Les Harlem Hellfighters, les aventuriers de l’enfer.

Pendant la première guerre mondiale, l’histoire du travail des soldats de colonies françaises. ou encore anglaises est souvent évoquée malgré une époque où le racisme était très présent. A l’inverse de ses homologue européens, les Etats-Unis ont choisi pendant un certain temps de masquer la vérité.

Un documentaire retrace l’histoire de soldats noirs américains se battant durant la 1ère guerre mondiale mais aussi contre la ségrégation. Ce documentaire s’intitule « la grande guerre des Harlem hellfighters » de Francois Reinhardt.

Tout commence un 6 avril 1917, quand les États-Unis décident de déclarer la guerre à l’Allemagne. L’armée américaine, n’ayant pas assez d’hommes, va donc forcer des hommes à aller au front parmi eux des noirs américains. Malheureusement les casernes ne veulent pas accepter ces hommes par discrimination. Un régiment fut créé pour les accueillir, celui du 369 ème régiment d’infanterie. Des soldats de tous les États-Unis viennent à New York pour intégrer ce régiment pour fuir les États du sud très racistes. En s’engageant dans ce régiment, certains pensaient par cette démarche faire changer les opinions des américains face au racisme. Aux États-Unis, on critique beaucoup ce régiment et on s’insurge que des noirs puissent porter des armes. Cela ne les a pas empêchés de continuer leur formation avant de partir en Europe.

Cette formation a bien sûr été compliquée car l’état-major américain a bien compris qu’envoyer des noirs américains sur le front reviendrait à les considérer comme des citoyens à part entière. Cela n’a pas arrêté le régiment, qui dès 1917 part pour la France. Les soldats ont été formés et en leur sein un groupe de jazz a été créé dont le célèbre musicien James Reese faisait partie. Arrivé en France, le régiment a très vite eu des difficultés. Tout d’abord aucun bataillon américain n’a souhaité les intégrer. C’était un ordre de l’état-major qui essayait aussi de dissuader les français de les incorporer dans leur rang.
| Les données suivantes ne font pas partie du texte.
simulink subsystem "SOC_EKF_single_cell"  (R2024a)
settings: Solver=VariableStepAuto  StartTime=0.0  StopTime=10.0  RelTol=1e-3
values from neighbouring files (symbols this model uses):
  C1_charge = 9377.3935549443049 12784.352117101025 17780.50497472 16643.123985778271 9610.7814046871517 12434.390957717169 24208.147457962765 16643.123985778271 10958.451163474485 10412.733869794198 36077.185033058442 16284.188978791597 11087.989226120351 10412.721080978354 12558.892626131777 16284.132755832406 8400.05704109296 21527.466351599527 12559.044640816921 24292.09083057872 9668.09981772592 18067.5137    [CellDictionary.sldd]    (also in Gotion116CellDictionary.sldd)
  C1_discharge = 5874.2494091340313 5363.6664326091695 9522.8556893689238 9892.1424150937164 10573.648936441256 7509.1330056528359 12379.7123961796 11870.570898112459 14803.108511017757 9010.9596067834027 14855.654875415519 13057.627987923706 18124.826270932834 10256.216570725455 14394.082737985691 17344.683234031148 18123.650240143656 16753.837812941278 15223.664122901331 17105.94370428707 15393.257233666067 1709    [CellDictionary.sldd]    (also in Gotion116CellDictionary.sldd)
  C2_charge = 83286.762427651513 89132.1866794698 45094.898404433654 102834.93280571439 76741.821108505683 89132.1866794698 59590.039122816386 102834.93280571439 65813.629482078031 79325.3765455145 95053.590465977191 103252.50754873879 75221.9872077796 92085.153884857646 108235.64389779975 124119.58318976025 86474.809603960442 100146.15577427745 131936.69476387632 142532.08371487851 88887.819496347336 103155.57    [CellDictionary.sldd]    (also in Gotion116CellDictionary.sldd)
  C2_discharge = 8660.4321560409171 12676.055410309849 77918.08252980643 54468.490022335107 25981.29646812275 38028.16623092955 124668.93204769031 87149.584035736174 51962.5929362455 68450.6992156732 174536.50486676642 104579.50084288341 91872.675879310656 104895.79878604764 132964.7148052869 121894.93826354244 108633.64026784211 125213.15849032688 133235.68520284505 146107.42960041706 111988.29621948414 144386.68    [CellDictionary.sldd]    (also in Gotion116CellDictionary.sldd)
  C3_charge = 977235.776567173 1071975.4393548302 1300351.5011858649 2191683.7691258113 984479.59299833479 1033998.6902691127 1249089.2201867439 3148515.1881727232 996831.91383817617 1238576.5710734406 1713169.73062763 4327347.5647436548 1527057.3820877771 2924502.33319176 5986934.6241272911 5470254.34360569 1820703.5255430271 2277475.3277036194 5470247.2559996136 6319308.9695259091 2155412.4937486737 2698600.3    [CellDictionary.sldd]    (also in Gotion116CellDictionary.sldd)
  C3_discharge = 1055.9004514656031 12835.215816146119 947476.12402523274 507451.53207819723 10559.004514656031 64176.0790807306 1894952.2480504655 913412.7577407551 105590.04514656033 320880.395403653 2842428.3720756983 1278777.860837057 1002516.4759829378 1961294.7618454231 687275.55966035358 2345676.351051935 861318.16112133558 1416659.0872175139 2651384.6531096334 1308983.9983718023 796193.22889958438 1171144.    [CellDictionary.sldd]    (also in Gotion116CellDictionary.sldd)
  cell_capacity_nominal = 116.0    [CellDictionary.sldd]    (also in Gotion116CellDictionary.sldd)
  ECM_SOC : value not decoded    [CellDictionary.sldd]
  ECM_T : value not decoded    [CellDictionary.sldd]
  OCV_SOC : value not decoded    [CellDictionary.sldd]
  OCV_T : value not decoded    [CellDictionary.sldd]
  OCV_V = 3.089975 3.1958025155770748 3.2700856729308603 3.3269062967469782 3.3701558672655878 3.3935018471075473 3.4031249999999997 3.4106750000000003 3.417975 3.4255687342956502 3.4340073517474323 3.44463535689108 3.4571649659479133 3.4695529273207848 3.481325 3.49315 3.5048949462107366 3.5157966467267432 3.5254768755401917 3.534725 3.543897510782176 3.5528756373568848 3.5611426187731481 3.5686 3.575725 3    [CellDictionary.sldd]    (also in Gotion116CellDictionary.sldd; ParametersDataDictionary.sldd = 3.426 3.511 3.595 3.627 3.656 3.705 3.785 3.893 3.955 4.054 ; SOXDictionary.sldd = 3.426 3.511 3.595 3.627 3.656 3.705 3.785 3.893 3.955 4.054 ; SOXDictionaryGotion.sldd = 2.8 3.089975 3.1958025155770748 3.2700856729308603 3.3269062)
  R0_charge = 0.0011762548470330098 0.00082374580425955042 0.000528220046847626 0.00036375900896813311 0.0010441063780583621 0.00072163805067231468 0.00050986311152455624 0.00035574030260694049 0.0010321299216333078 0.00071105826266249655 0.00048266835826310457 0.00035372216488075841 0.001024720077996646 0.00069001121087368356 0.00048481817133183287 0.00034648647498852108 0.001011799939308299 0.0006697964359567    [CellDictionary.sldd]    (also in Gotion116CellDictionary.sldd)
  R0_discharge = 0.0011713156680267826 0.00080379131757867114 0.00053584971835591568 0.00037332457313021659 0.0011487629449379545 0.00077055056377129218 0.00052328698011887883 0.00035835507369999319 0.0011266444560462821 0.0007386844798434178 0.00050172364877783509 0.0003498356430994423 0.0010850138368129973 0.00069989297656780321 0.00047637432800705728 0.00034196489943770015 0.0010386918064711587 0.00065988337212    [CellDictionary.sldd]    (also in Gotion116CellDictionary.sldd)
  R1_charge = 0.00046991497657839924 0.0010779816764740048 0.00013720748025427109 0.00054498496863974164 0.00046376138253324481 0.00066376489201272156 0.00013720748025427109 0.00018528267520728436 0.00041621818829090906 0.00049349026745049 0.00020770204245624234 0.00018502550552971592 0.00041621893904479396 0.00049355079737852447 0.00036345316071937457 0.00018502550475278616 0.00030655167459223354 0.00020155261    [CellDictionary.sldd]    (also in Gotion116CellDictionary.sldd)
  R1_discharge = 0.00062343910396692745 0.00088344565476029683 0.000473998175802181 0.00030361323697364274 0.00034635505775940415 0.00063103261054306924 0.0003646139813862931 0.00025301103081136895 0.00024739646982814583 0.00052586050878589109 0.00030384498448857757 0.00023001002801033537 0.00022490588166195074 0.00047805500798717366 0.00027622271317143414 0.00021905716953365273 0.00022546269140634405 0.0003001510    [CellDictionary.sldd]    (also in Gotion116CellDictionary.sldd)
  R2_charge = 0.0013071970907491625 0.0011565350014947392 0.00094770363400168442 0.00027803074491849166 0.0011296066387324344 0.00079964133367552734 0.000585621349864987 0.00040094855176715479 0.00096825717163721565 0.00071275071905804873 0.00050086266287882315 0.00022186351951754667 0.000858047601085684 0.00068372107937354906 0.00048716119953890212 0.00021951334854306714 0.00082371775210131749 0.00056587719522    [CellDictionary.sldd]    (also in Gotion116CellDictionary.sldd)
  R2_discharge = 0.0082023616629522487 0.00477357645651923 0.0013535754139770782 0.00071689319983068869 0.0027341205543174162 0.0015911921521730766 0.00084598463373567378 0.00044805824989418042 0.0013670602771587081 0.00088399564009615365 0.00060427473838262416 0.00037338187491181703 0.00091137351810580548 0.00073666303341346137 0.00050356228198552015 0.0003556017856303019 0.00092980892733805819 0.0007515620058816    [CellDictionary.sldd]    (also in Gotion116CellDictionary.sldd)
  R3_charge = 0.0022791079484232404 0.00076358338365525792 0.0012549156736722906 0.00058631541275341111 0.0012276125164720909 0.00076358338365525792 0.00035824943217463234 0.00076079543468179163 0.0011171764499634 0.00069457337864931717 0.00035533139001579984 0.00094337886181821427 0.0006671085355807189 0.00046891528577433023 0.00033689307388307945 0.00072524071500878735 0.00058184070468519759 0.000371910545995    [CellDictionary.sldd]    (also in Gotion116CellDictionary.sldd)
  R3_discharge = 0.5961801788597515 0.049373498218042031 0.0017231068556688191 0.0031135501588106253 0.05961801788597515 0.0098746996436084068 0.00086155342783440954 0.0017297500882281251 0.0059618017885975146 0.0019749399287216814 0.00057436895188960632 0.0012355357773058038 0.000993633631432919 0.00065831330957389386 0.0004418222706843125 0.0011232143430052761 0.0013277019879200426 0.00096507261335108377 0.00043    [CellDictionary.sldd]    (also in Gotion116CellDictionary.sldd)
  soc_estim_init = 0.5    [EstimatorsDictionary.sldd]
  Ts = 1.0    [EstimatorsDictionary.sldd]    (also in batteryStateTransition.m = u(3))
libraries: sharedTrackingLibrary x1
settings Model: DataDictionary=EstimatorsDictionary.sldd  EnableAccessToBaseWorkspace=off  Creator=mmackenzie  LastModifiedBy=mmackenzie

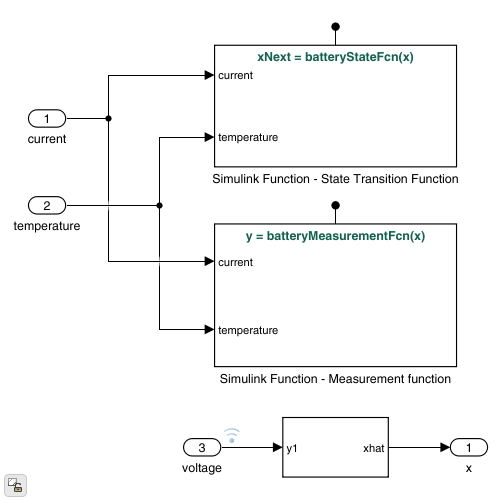
[thumbnail: Simulink's stored preview of the top-level diagram]
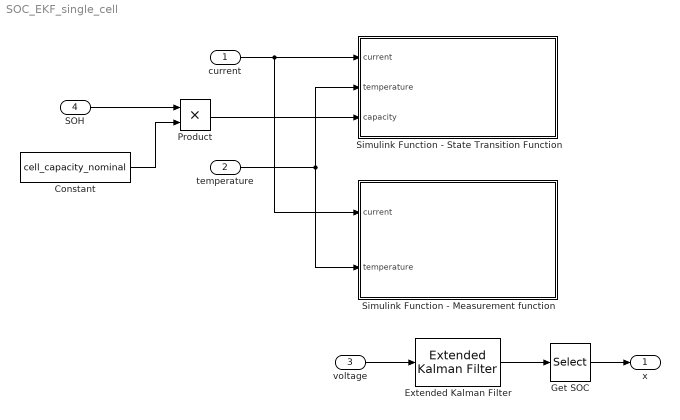
== system SOC_EKF_single_cell ==
  current : Inport
  temperature : Inport  Port=2
  voltage : Inport  Port=3
  SOH : Inport  Port=4
  Constant : Constant  Value=cell_capacity_nominal
  Extended Kalman Filter : sharedTrackingLibrary/Extended Kalman Filter  StateTransitionFcn=batteryStateFcn  HasStateTransitionJacobianFcn=off  HasAdditiveProcessNoise=Additive  ProcessNoise=state_covariance  HasTimeVaryingProcessNoise=off  HasStateTransitionFcnExtraArgument=0  InitialState=[soc_estim_init; 0; 0; 0]  InitialStateCovariance=initial_covariance  MeasurementFcn1=batteryMeasurementFcn  HasMeasurementJacobianFcn1=off  HasMeasurementEnablePort1=off  HasAdditiveMeasurementNoise1=Additive  MeasurementNoise1=measurement_covariance  HasTimeVaryingMeasurementNoise1=off  HasMeasurementFcnExtraArgument1=0  HasMeasurementWrapping1=off  MeasurementFcn2=myMeasurementFcn  HasMeasurementJacobianFcn2=off  HasMeasurementEnablePort2=off  HasAdditiveMeasurementNoise2=Additive  MeasurementNoise2=1  HasTimeVaryingMeasurementNoise2=off  HasMeasurementFcnExtraArgument2=0  HasMeasurementWrapping2=off  MeasurementFcn3=myMeasurementFcn  HasMeasurementJacobianFcn3=off  HasMeasurementEnablePort3=off  HasAdditiveMeasurementNoise3=Additive  MeasurementNoise3=1  HasTimeVaryingMeasurementNoise3=off  HasMeasurementFcnExtraArgument3=0  HasMeasurementWrapping3=off  MeasurementFcn4=myMeasurementFcn  HasMeasurementJacobianFcn4=off  HasMeasurementEnablePort4=off  HasAdditiveMeasurementNoise4=Additive  MeasurementNoise4=1  HasTimeVaryingMeasurementNoise4=off  HasMeasurementFcnExtraArgument4=0  HasMeasurementWrapping4=off  MeasurementFcn5=myMeasurementFcn  HasMeasurementJacobianFcn5=off  HasMeasurementEnablePort5=off  HasAdditiveMeasurementNoise5=Additive  MeasurementNoise5=1  HasTimeVaryingMeasurementNoise5=off  HasMeasurementFcnExtraArgument5=0  HasMeasurementWrapping5=off  EnableMultirate=off  StateTransitionFcnSampleTime=1  MeasurementFcn1SampleTime=1  MeasurementFcn2SampleTime=1  MeasurementFcn3SampleTime=1  MeasurementFcn4SampleTime=1  MeasurementFcn5SampleTime=1  UseCurrentEstimator=on  OutputStateCovariance=off  DataType=double  SampleTime=Ts  NumberOfMeasurements=1
      settings: LibrarySourceBlock=slident/Estimators/Extended Kalman Filter
  Get SOC : Selector  InputPortWidth=4  IndexOptions=Index vector (dialog)  Indices=1  OutputSizes=1
  Product : Product
  Simulink Function - Measurement function : Subsystem  TreatAsAtomicUnit=on
  Simulink Function - State Transition Function : Subsystem  TreatAsAtomicUnit=on
  x : Outport
  wires:
  temperature/1 -> Simulink Function - State Transition Function/2(temperature), Simulink Function - Measurement function/2(temperature)
  voltage/1 -> Extended Kalman Filter/1
  Extended Kalman Filter/1 -> Get SOC/1
  current/1 -> Simulink Function - State Transition Function/1(current), Simulink Function - Measurement function/1(current)
  Constant/1 -> Product/2
  SOH/1 -> Product/1
  Product/1 -> Simulink Function - State Transition Function/3(capacity)
  Get SOC/1 -> x/1

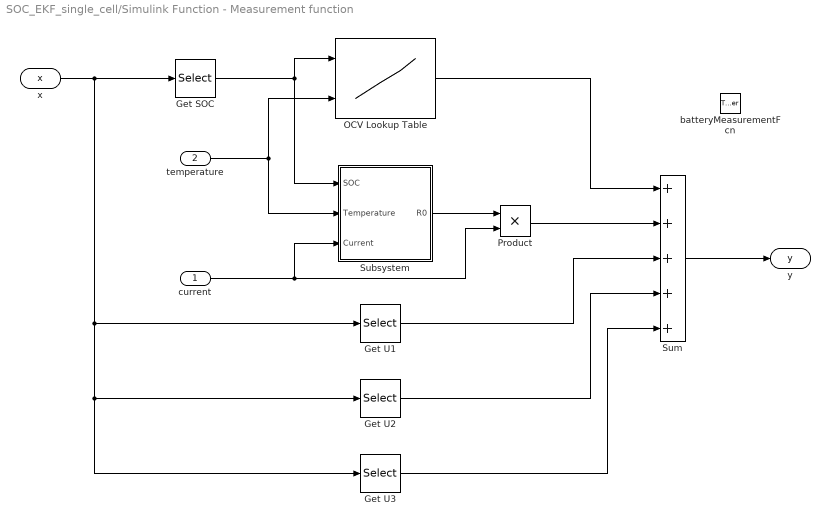
== system SOC_EKF_single_cell/Simulink Function - Measurement function ==
  current : Inport
  temperature : Inport  Port=2
  batteryMeasurementFcn : TriggerPort  TriggerType=function-call  IsSimulinkFunction=on  FunctionName=batteryMeasurementFcn  FunctionVisibility=scoped  VariantControl=(inherit)
  Get SOC : Selector  InputPortWidth=4  IndexOptions=Index vector (dialog)  Indices=1  OutputSizes=1
  Get U1 : Selector  InputPortWidth=4  IndexOptions=Index vector (dialog)  Indices=2  OutputSizes=1
  Get U2 : Selector  InputPortWidth=4  IndexOptions=Index vector (dialog)  Indices=3  OutputSizes=1
  Get U3 : Selector  InputPortWidth=4  IndexOptions=Index vector (dialog)  Indices=4  OutputSizes=1
  OCV Lookup Table : Lookup_n-D  BreakpointsForDimension1=OCV_SOC  BreakpointsForDimension2=OCV_T  Table=OCV_V  InternalRulePriority=Speed  RndMeth=Simplest
      settings: InputPortMap=u0,u1
  Product : Product
  Subsystem : Subsystem
  Sum : Sum  Inputs=+++++
  x : ArgIn  DisableCoverage=on  PortDimensions=4  ArgumentName=x
  y : ArgOut  DisableCoverage=on  ArgumentName=y
  wires:
  x/1 -> Get U3/1, Get U2/1, Get U1/1, Get SOC/1
  Get SOC/1 -> OCV Lookup Table/1, Subsystem/1(SOC)
  temperature/1 -> Subsystem/2(Temperature), OCV Lookup Table/2
  current/1 -> Product/2, Subsystem/3(Current)
  Subsystem/1(R0) -> Product/1
  OCV Lookup Table/1 -> Sum/1
  Product/1 -> Sum/2
  Get U1/1 -> Sum/3
  Get U2/1 -> Sum/4
  Get U3/1 -> Sum/5
  Sum/1 -> y/1

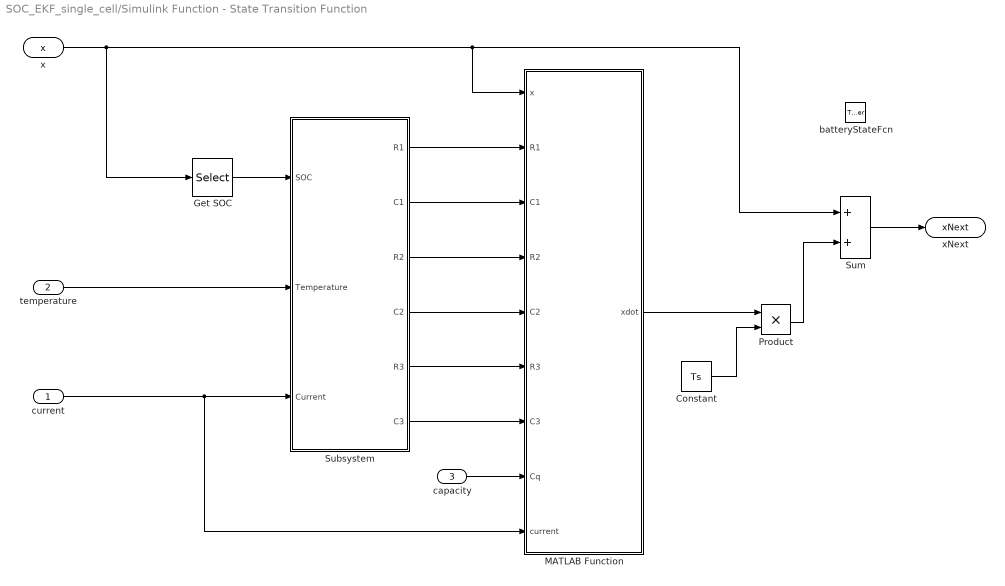
== system SOC_EKF_single_cell/Simulink Function - State Transition Function ==
  current : Inport
  temperature : Inport  Port=2
  capacity : Inport  Port=3
  batteryStateFcn : TriggerPort  TriggerType=function-call  IsSimulinkFunction=on  FunctionName=batteryStateFcn  FunctionVisibility=scoped  VariantControl=(inherit)
  Constant : Constant  Value=Ts
  Get SOC : Selector  InputPortWidth=4  IndexOptions=Index vector (dialog)  Indices=1  OutputSizes=1
  MATLAB Function : MATLAB Function  TreatAsAtomicUnit=on
  Product : Product
  Subsystem : Subsystem
  Sum : Sum
  x : ArgIn  DisableCoverage=on  PortDimensions=4  ArgumentName=x
  xNext : ArgOut  DisableCoverage=on  PortDimensions=4  ArgumentName=xNext
  wires:
  Subsystem/6(C3) -> MATLAB Function/7(C3)
  Subsystem/5(R3) -> MATLAB Function/6(R3)
  Subsystem/4(C2) -> MATLAB Function/5(C2)
  Subsystem/3(R2) -> MATLAB Function/4(R2)
  Subsystem/2(C1) -> MATLAB Function/3(C1)
  Subsystem/1(R1) -> MATLAB Function/2(R1)
  x/1 -> MATLAB Function/1(x), Sum/1, Get SOC/1
  Get SOC/1 -> Subsystem/1(SOC)
  temperature/1 -> Subsystem/2(Temperature)
  capacity/1 -> MATLAB Function/8(Cq)
  current/1 -> Subsystem/3(Current), MATLAB Function/9(current)
  Sum/1 -> xNext/1
  Constant/1 -> Product/2
  MATLAB Function/1(xdot) -> Product/1
  Product/1 -> Sum/2

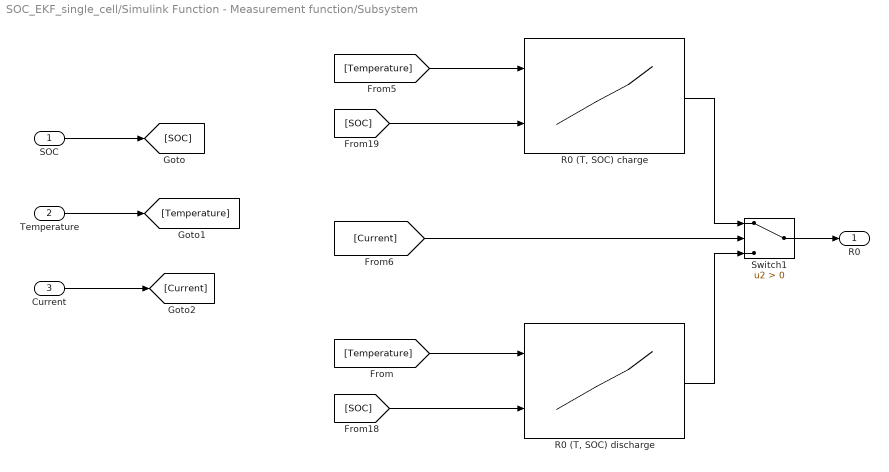
== system SOC_EKF_single_cell/Simulink Function - Measurement function/Subsystem ==
  SOC : Inport
  Temperature : Inport  Port=2
  Current : Inport  Port=3
  "R0 (T, SOC) charge" : Lookup_n-D  BreakpointsForDimension1=ECM_T  BreakpointsForDimension2=ECM_SOC  Table=R0_charge  InternalRulePriority=Speed  RndMeth=Simplest
      settings: InputPortMap=u0,u1
  "R0 (T, SOC) discharge" : Lookup_n-D  BreakpointsForDimension1=ECM_T  BreakpointsForDimension2=ECM_SOC  Table=R0_discharge  InternalRulePriority=Speed  RndMeth=Simplest
      settings: InputPortMap=u0,u1
  Switch1 : Switch  Criteria=u2 > Threshold  SaturateOnIntegerOverflow=off  InputSameDT=off
  R0 : Outport
  wires:
  "R0 (T, SOC) discharge"/1 -> Switch1/3
  "R0 (T, SOC) charge"/1 -> Switch1/1
  [SOC] -> "R0 (T, SOC) charge"/2
  [SOC] -> "R0 (T, SOC) discharge"/2
  [Temperature] -> "R0 (T, SOC) charge"/1
  [Temperature] -> "R0 (T, SOC) discharge"/1
  Current/1 -> [Current]
  Temperature/1 -> [Temperature]
  SOC/1 -> [SOC]
  Switch1/1 -> R0/1
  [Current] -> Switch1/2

Le général Pershing était en charge de cette mesure discriminatoire. Il écrivit dans une note pour l’armée française : « le noir manque de conscience civique et professionnelle » et ajouta « menace constante pour les américains ». L’armée française manquait tellement d’hommes qu’elle n’écouta finalement pas les revendications américaines et incorpora le régiment au sein de son armée dans la 161ème division d’infanterie. Les soldats furent étonnés de l’accueil des français qui les traitaient comme des humains et sympathisaient avec eux.

Cela peut s’expliquer par le fait que les États-Unis avaient constitué un territoire où l’esclavage fait partie de l’histoire alors que la France métropolitaine n’est pas un ancien territoire d’esclaves. Durant leur période au front, les soldats noirs se sont brillamment illustrés grâce à un certain Henry Johnson qui par sa bravoure sauve un de ses camarades en tuant des soldats allemands pendant une attaque nocturne. Son acte fut relayé par la presse américaine, malgré des préjugés de journalistes sudistes. Henry Johnson reçu la « croix de guerre » française comme 170 camarades et il reçut aussi la « purple heart » en 1996, « distinguished service cross » en 2002 et la « Medal of honor » par B.Obama en 2015 qui est la plus haute distinction militaire des États-Unis. Les soldats noirs américains eurent un vrai impact sur la 1ère guerre mondiale, car ils furent les premiers à atteindre le Rhin. Ils ont le record du régiment resté le plus longtemps au front (191 jours). Malheureusement ce fut aussi le régiment le plus décimé avec 584 morts.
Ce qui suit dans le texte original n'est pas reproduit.